Most of us divide the draw length somewhere between 4 and 5 for an active length. or at least a starting place, like Grampa Grumpy said.


----------



## AppalachianFlipShooter (May 9, 2020)

KawKan said:


> Here's my thinking on calculating lengths for latex.
> The fewer variables that are involved, the more reliable the calculations are for predicting the performance of a new cut.
> So, if we're working with the same thickness and compound or latex, I am convinced that if you double the draw length, you can reduce the taper widths by half and achieve the same performance. It works for me.
> I have not tried extending the calculation, say for a 1.5 times longer draw length.
> BUT - changing thickness, and brands makes it real tough in my experience. Some compounds seem to hit a wall at about 5 times the active length, and others seem to be willing to stretch to 6 times or more.


I've sold everything I had that was an odd brand and I'm going with all GZK latex.

Sent from my SM-G970U using Tapatalk


----------



## urbanshooter (Aug 23, 2017)

Elastics vary and some may have more elongation than others. So it depends on whether you want to shoot your bands maxed out or at a more optimal, just short of max. Generally, 5 times is a good starting point and adjustments will need to be made depending on the elastic and how you like to shoot it.


----------



## MakoPat (Mar 12, 2018)

All very solid advice.

I use the same calculations as Kawkan, but I only shoot a very short draw length anchored under the ear at my beard.

But as mentioned by Urbanshooter sometimes the material is just not the same... and my body is off somedays.

So my solution is as tedious as myself. I add 2" to my desired band length, 1" for tying pouch & to forks. 1" is for tuning to my preference. I shoot 10 or so shots. If the bands are too soft/weak, I untie at the forks and trim 1/4" or 1/8" off then reattach. Repeat til I am slamming how I want.

Good luck.


----------



## SLINGDUDE (Aug 15, 2018)

Grandpa Grumpy said:


> As a starting point I divide my draw length by 5. This gives me the the distance between the pouch and the fork. I add an inch or so for tying and make adjustments from there.
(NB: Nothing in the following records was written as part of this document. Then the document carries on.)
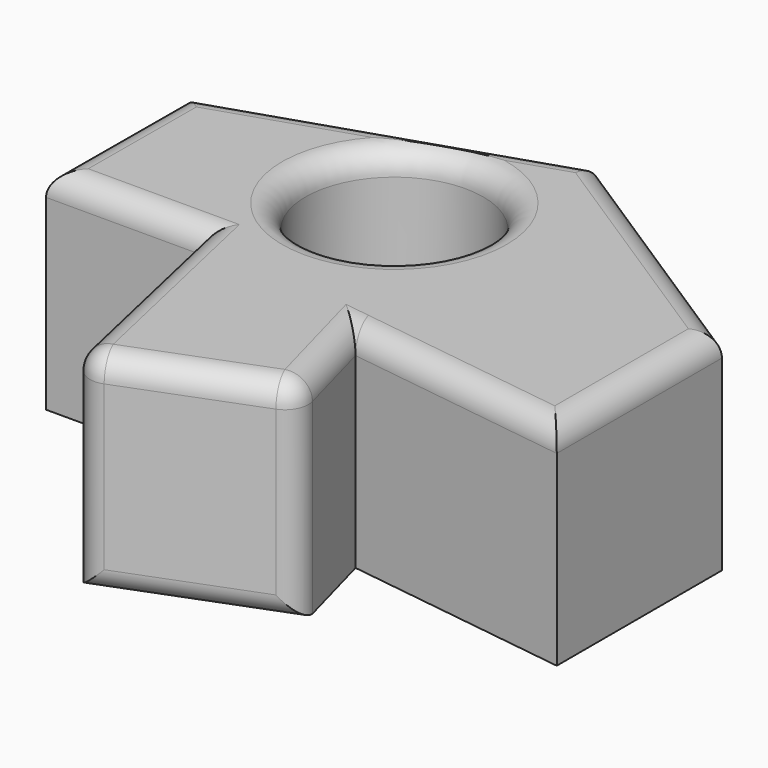
from build123d import *

# Parameters (mm, degrees)
F0_R         = 19.3201303499
F1_DEPTH     = 45.72
F2_T1_DEPTH  = 55.325963316
F2_T3_DEPTH  = 52.1146440054
F2_T5_DEPTH  = 66.4513256331
F2_T7_DEPTH  = 30.5870827045
F2_T9_DEPTH  = 100.2395855595
F2_T11_DEPTH = 63.3652483976
F2_T13_DEPTH = 70.2836609721
F2_T15_DEPTH = 91.0933305156
F2_T20_DEPTH = 5.08
F2_T26_DEPTH = 5.08
F2_T36_DEPTH = 59.2845010847
F2_T41_DEPTH = 57.568004282
F2_T46_DEPTH = 31.0915483116
F2_T51_DEPTH = 75.0016446771
F2_T57_DEPTH = 59.2845010847
F2_T61_DEPTH = 57.568004282
F2_T68_DEPTH = 31.0915483116
F2_T72_DEPTH = 75.0016446771


# Not quite as in the source:
# - a fillet or chamfer that OpenCascade refuses, or shapes differently, is made with other operations: its cross-section is extruded or revolved along the edge and cut away or added


with BuildPart() as f1:
    # F0 (on Top) → F1 (new body)
    with BuildSketch(Plane.XY):
        Polygon((13.1280273199, 53.9313554764), (-58.0116845667, 30.691197142), (-58.1890903413, -7.2736367583), (-24.3045892566, -7.2736367583), (-13.1280263886, -56.7698441446), (25.1916181296, -42.0451648533), (19.1598236561, -19.8694467545), (68.3012157679, -26.610866189), (68.3012157679, 18.2727947831), align=None)
        with Locations((-4.6125496738, 20.4016622156)):
            Circle(F0_R, mode=Mode.SUBTRACT)
    extrude(amount=F1_DEPTH)

    # F2: fillet of radius 5.08 on 15 edges, made by hand

    # F2_s2 → F2_t1 (cut)
    with BuildSketch(Plane.XY.offset(-14.685963316)):
        with BuildLine():
            ThreePointArc((-14.4219236098, -51.039727833), (-11.8616097658, -54.4008391443), (-7.6445406789, -54.662763834))
            Line((-7.6445406789, -54.662763834), (-13.1280263886, -56.7698441446))
            Line((-13.1280263886, -56.7698441446), (-14.4219236098, -51.039727833))
        make_face()
    extrude(amount=F2_T1_DEPTH, mode=Mode.SUBTRACT)

    # F2_s4 → F2_t3 (cut)
    with BuildSketch(Plane.XY.offset(-11.4746440054)):
        with BuildLine():
            ThreePointArc((20.9071837297, -43.6914985622), (23.6160955732, -41.2464799373), (23.9869451943, -37.6162196147))
            Line((23.9869451943, -37.6162196147), (25.1916181296, -42.0451648533))
            Line((25.1916181296, -42.0451648533), (20.9071837297, -43.6914985622))
        make_face()
    extrude(amount=F2_T3_DEPTH, mode=Mode.SUBTRACT)

    # F2_s6 → F2_t5 (cut)
    with BuildSketch(Plane(origin=(-42.3016489373, -16.2548014713, 0), x_dir=(0, 0, 1), z_dir=(0.9334569329, 0.3586894958, 0))):
        with BuildLine():
            ThreePointArc((5.08, 48.2833194327), (1.4878975516, 46.7954218811), (0, 43.2033194327))
            Line((0, 43.2033194327), (0, 48.2833194327))
            Line((0, 48.2833194327), (5.08, 48.2833194327))
        make_face()
    extrude(amount=F2_T5_DEPTH, mode=Mode.SUBTRACT)

    # F2_s8 → F2_t7 (cut)
    with BuildSketch(Plane(origin=(-24.9632601794, -9.5923645646, 0), x_dir=(0, 0, 1), z_dir=(0.9334569329, 0.3586894958, 0))):
        with BuildLine():
            ThreePointArc((40.64, 48.2833194327), (44.2321024484, 46.7954218811), (45.72, 43.2033194327))
            Line((45.72, 43.2033194327), (45.72, 48.2833194327))
            Line((45.72, 48.2833194327), (40.64, 48.2833194327))
        make_face()
    extrude(amount=F2_T7_DEPTH, mode=Mode.SUBTRACT)

    # F2_s10 → F2_t9 (cut)
    with BuildSketch(Plane(origin=(39.8537401384, 13.0195527431, 0), x_dir=(0, 0, 1), z_dir=(-0.9505626114, -0.3105329641, 0))):
        with BuildLine():
            ThreePointArc((40.64, 47.1884448626), (44.2321024484, 45.700547311), (45.72, 42.1084448626))
            Line((45.72, 42.1084448626), (45.72, 47.1884448626))
            Line((45.72, 47.1884448626), (40.64, 47.1884448626))
        make_face()
    extrude(amount=F2_T9_DEPTH, mode=Mode.SUBTRACT)

    # F2_s12 → F2_t11 (cut)
    with BuildSketch(Plane(origin=(0.2014921201, 43.1193115962, 0), x_dir=(0, 0, 1), z_dir=(-0.0046728464, -0.9999890822, 0))):
        with BuildLine():
            ThreePointArc((40.64, 58.1544664567), (44.2321024484, 56.6665689051), (45.72, 53.0744664567))
            Line((45.72, 53.0744664567), (45.72, 58.1544664567))
            Line((45.72, 58.1544664567), (40.64, 58.1544664567))
        make_face()
    extrude(amount=F2_T11_DEPTH, mode=Mode.SUBTRACT)

    # F2_s14 → F2_t13 (cut)
    with BuildSketch(Plane.XZ.offset(-30.9727947831)):
        with BuildLine():
            ThreePointArc((68.3012157679, 40.64), (66.8133182163, 44.2321024484), (63.2212157679, 45.72))
            Line((63.2212157679, 45.72), (68.3012157679, 45.72))
            Line((68.3012157679, 45.72), (68.3012157679, 40.64))
        make_face()
    extrude(amount=F2_T13_DEPTH, mode=Mode.SUBTRACT)

    # F2_s16 → F2_t15 (cut)
    with BuildSketch(Plane(origin=(50.5132947185, -32.6468604807, 0), x_dir=(0, 0, 1), z_dir=(-0.8398598155, 0.5428033624, 0))):
        with BuildLine():
            ThreePointArc((40.64, 52.4207156327), (44.2321024484, 50.9328180811), (45.72, 47.3407156327))
            Line((45.72, 47.3407156327), (45.72, 52.4207156327))
            Line((45.72, 52.4207156327), (40.64, 52.4207156327))
        make_face()
    extrude(amount=F2_T15_DEPTH, mode=Mode.SUBTRACT)


with BuildPart() as f2_tool18:
    # F2_s19 → F2_t20 (new body)
    with BuildSketch(Plane.XY.offset(40.64)):
        Polygon((-9.4666833174, -49.9208026147), (-14.4219236098, -51.039727833), (-13.1280263886, -56.7698441446), (-7.6445406789, -54.662763834), align=None)
    extrude(amount=F2_T20_DEPTH)

    # F2_s21 → F2_t22 (revolve, cut)
    with BuildSketch(Plane(origin=(-9.4666833174, -49.9208026147, 40.64), x_dir=(0.4714422143, 0.8818969546, 0), z_dir=(0.8818969546, -0.4714422143, 0))):
        with BuildLine():
            ThreePointArc((0, -5.08), (5.08, 0), (0, 5.08))
            Line((0, 5.08), (0, -5.08))
        make_face()
    revolve(axis=Axis((-9.4666833174, -49.9208026147, 40.64), (0, 0, 1)), mode=Mode.SUBTRACT)


with BuildPart() as f1_1:
    add(f1.part)

    # F2_t17: cut F2_tool18
    add(f2_tool18.part, mode=Mode.SUBTRACT)


with BuildPart() as f2_tool24:
    # F2_s25 → F2_t26 (new body)
    with BuildSketch(Plane.XY.offset(40.64)):
        Polygon((19.0850410913, -38.9495373429), (20.9071837297, -43.6914985622), (25.1916181296, -42.0451648533), (23.9869451943, -37.6162196147), align=None)
    extrude(amount=F2_T26_DEPTH)

    # F2_s27 → F2_t28 (revolve, cut)
    with BuildSketch(Plane(origin=(19.0850410913, -38.9495373429, 40.64), x_dir=(-0.8919398586, 0.452154054, 0), z_dir=(0.452154054, 0.8919398586, 0))):
        with BuildLine():
            ThreePointArc((0, -5.08), (5.08, 0), (0, 5.08))
            Line((0, 5.08), (0, -5.08))
        make_face()
    revolve(axis=Axis((19.0850410913, -38.9495373429, 40.64), (0, 0, 1)), mode=Mode.SUBTRACT)


with BuildPart() as f1_2:
    add(f1_1.part)

    # F2_t23: cut F2_tool24
    add(f2_tool24.part, mode=Mode.SUBTRACT)

    # F2_s29 → F2_t30 (revolve, cut)
    with BuildSketch(Plane.XZ.offset(-20.4016622156)):
        with BuildLine():
            ThreePointArc((14.7075806761, 5.08), (16.1954782277, 1.4878975516), (19.7875806761, 0))
            Line((19.7875806761, 0), (14.7075806761, 0))
            Line((14.7075806761, 0), (14.7075806761, 5.08))
        make_face()
    revolve(axis=Axis((-4.6125496738, 20.4016622156, 0), (0, 0, 1)), mode=Mode.SUBTRACT)

    # F2_s31 → F2_t32 (revolve, cut)
    with BuildSketch(Plane.XZ.offset(-20.4016622156)):
        with BuildLine():
            ThreePointArc((14.7075806761, 40.64), (16.1954782277, 44.2321024484), (19.7875806761, 45.72))
            Line((19.7875806761, 45.72), (14.7075806761, 45.72))
            Line((14.7075806761, 45.72), (14.7075806761, 40.64))
        make_face()
    revolve(axis=Axis((-4.6125496738, 20.4016622156, 45.72), (0, 0, 1)), mode=Mode.SUBTRACT)


with BuildPart() as f2_tool34:
    # F2_s35 → F2_t36 (new body)
    with BuildSketch(Plane.YZ.offset(-70.8890903413)):
        with BuildLine():
            ThreePointArc((-7.2736367583, 40.64), (-5.7857392068, 44.2321024484), (-2.1936367583, 45.72))
            Line((-2.1936367583, 45.72), (-7.2736367583, 45.72))
            Line((-7.2736367583, 45.72), (-7.2736367583, 40.64))
        make_face()
    extrude(amount=F2_T36_DEPTH)

    split(bisect_by=Plane(origin=(-24.6882073851, -5.5747564614, 0), x_dir=(0, 0, 1), z_dir=(-0.9754410024, -0.2202608697, 0)), keep=Keep.TOP)


with BuildPart() as f1_3:
    add(f1_2.part)

    # F2_t33: cut F2_tool34
    add(f2_tool34.part, mode=Mode.SUBTRACT)


with BuildPart() as f2_tool39:
    # F2_s40 → F2_t41 (new body)
    with BuildSketch(Plane(origin=(-2.4136949173, 10.6892204341, 0), x_dir=(0, 0, 1), z_dir=(0.2202608697, -0.9754410024, 0))):
        with BuildLine():
            ThreePointArc((40.64, 25.3097904672), (44.2321024484, 23.8218929156), (45.72, 20.2297904672))
            Line((45.72, 20.2297904672), (45.72, 25.3097904672))
            Line((45.72, 25.3097904672), (40.64, 25.3097904672))
        make_face()
    extrude(amount=F2_T41_DEPTH)

    split(bisect_by=Plane.XZ.offset(7.2736367583), keep=Keep.TOP)


with BuildPart() as f1_4:
    add(f1_3.part)

    # F2_t38: cut F2_tool39
    add(f2_tool39.part, mode=Mode.SUBTRACT)


with BuildPart() as f2_tool44:
    # F2_s45 → F2_t46 (new body)
    with BuildSketch(Plane(origin=(11.1791797465, -41.0999313259, 0), x_dir=(0, 0, 1), z_dir=(-0.2624641197, 0.9649417526, 0))):
        with BuildLine():
            ThreePointArc((40.64, 13.2730969655), (44.2321024484, 11.7851994139), (45.72, 8.1930969655))
            Line((45.72, 8.1930969655), (45.72, 13.2730969655))
            Line((45.72, 13.2730969655), (40.64, 13.2730969655))
        make_face()
    extrude(amount=F2_T46_DEPTH)

    split(bisect_by=Plane(origin=(-2.3215052957, -16.9225491951, 0), x_dir=(0, 0, 1), z_dir=(-0.1359112078, -0.9907210221, 0)), keep=Keep.TOP)


with BuildPart() as f1_5:
    add(f1_4.part)

    # F2_t43: cut F2_tool44
    add(f2_tool44.part, mode=Mode.SUBTRACT)


with BuildPart() as f2_tool49:
    # F2_s50 → F2_t51 (new body)
    with BuildSketch(Plane(origin=(8.8991719713, -1.2208252209, 0), x_dir=(0, 0, 1), z_dir=(0.9907210221, -0.1359112078, 0))):
        with BuildLine():
            ThreePointArc((40.64, 17.0810438235), (44.2321024484, 15.5931462719), (45.72, 12.0010438235))
            Line((45.72, 12.0010438235), (45.72, 17.0810438235))
            Line((45.72, 17.0810438235), (40.64, 17.0810438235))
        make_face()
    extrude(amount=F2_T51_DEPTH)

    split(bisect_by=Plane(origin=(12.8077654479, 3.4837117113, 0), x_dir=(0, 0, 1), z_dir=(0.9649417526, 0.2624641197, 0)), keep=Keep.TOP)


with BuildPart() as f1_6:
    add(f1_5.part)

    # F2_t48: cut F2_tool49
    add(f2_tool49.part, mode=Mode.SUBTRACT)


with BuildPart() as f2_tool55:
    # F2_s56 → F2_t57 (new body)
    with BuildSketch(Plane.YZ.offset(-70.8890903413)):
        with BuildLine():
            ThreePointArc((-7.2736367583, 40.64), (-5.7857392068, 44.2321024484), (-2.1936367583, 45.72))
            Line((-2.1936367583, 45.72), (-7.2736367583, 45.72))
            Line((-7.2736367583, 45.72), (-7.2736367583, 40.64))
        make_face()
    extrude(amount=F2_T57_DEPTH)

    split(bisect_by=Plane(origin=(-24.6882073851, -5.5747564614, 0), x_dir=(0, 0, 1), z_dir=(0.9754410024, 0.2202608697, 0)), keep=Keep.TOP)


with BuildPart() as f2_tool59:
    # F2_s60 → F2_t61 (new body)
    with BuildSketch(Plane(origin=(-2.4136949173, 10.6892204341, 0), x_dir=(0, 0, 1), z_dir=(0.2202608697, -0.9754410024, 0))):
        with BuildLine():
            ThreePointArc((40.64, 25.3097904672), (44.2321024484, 23.8218929156), (45.72, 20.2297904672))
            Line((45.72, 20.2297904672), (45.72, 25.3097904672))
            Line((45.72, 25.3097904672), (40.64, 25.3097904672))
        make_face()
    extrude(amount=F2_T61_DEPTH)

    split(bisect_by=Plane.XZ.offset(7.2736367583), keep=Keep.BOTTOM)


with BuildPart() as f2_tool55_1:
    add(f2_tool55.part)

    # F2_t63: intersect F2_tool59
    add(f2_tool59.part, mode=Mode.INTERSECT)


with BuildPart() as f1_7:
    add(f1_6.part)

    # F2_t53: cut F2_tool55
    add(f2_tool55_1.part, mode=Mode.SUBTRACT)


with BuildPart() as f2_tool66:
    # F2_s67 → F2_t68 (new body)
    with BuildSketch(Plane(origin=(11.1791797465, -41.0999313259, 0), x_dir=(0, 0, 1), z_dir=(-0.2624641197, 0.9649417526, 0))):
        with BuildLine():
            ThreePointArc((40.64, 13.2730969655), (44.2321024484, 11.7851994139), (45.72, 8.1930969655))
            Line((45.72, 8.1930969655), (45.72, 13.2730969655))
            Line((45.72, 13.2730969655), (40.64, 13.2730969655))
        make_face()
    extrude(amount=F2_T68_DEPTH)

    split(bisect_by=Plane(origin=(-2.3215052957, -16.9225491951, 0), x_dir=(0, 0, 1), z_dir=(0.1359112078, 0.9907210221, 0)), keep=Keep.TOP)


with BuildPart() as f2_tool70:
    # F2_s71 → F2_t72 (new body)
    with BuildSketch(Plane(origin=(8.8991719713, -1.2208252209, 0), x_dir=(0, 0, 1), z_dir=(0.9907210221, -0.1359112078, 0))):
        with BuildLine():
            ThreePointArc((40.64, 17.0810438235), (44.2321024484, 15.5931462719), (45.72, 12.0010438235))
            Line((45.72, 12.0010438235), (45.72, 17.0810438235))
            Line((45.72, 17.0810438235), (40.64, 17.0810438235))
        make_face()
    extrude(amount=F2_T72_DEPTH)

    split(bisect_by=Plane(origin=(12.8077654479, 3.4837117113, 0), x_dir=(0, 0, 1), z_dir=(-0.9649417526, -0.2624641197, 0)), keep=Keep.TOP)


with BuildPart() as f2_tool66_1:
    add(f2_tool66.part)

    # F2_t74: intersect F2_tool70
    add(f2_tool70.part, mode=Mode.INTERSECT)


with BuildPart() as f1_8:
    add(f1_7.part)

    # F2_t64: cut F2_tool66
    add(f2_tool66_1.part, mode=Mode.SUBTRACT)


solid = f1_8.part

I pretty much use this method, with a little trial and error.


----------



## hoggy (Apr 17, 2017)

good info from one and all.


----------



## robbo (Jun 8, 2019)

i use an online width by breath by thickeness calculater, if you have 150mm active length by 25x15 of .60 put the specs in the calculater and the specs of some one else as a guide line to whats close to yours and ajust acordinly to get the same amount of rubber in your draw length all good fun mate putting the exact amount of rubber from a 65 inch butterfly draw to a 30inch standard draw or vise versa its got a lot to do with the overall weight off everthing.


----------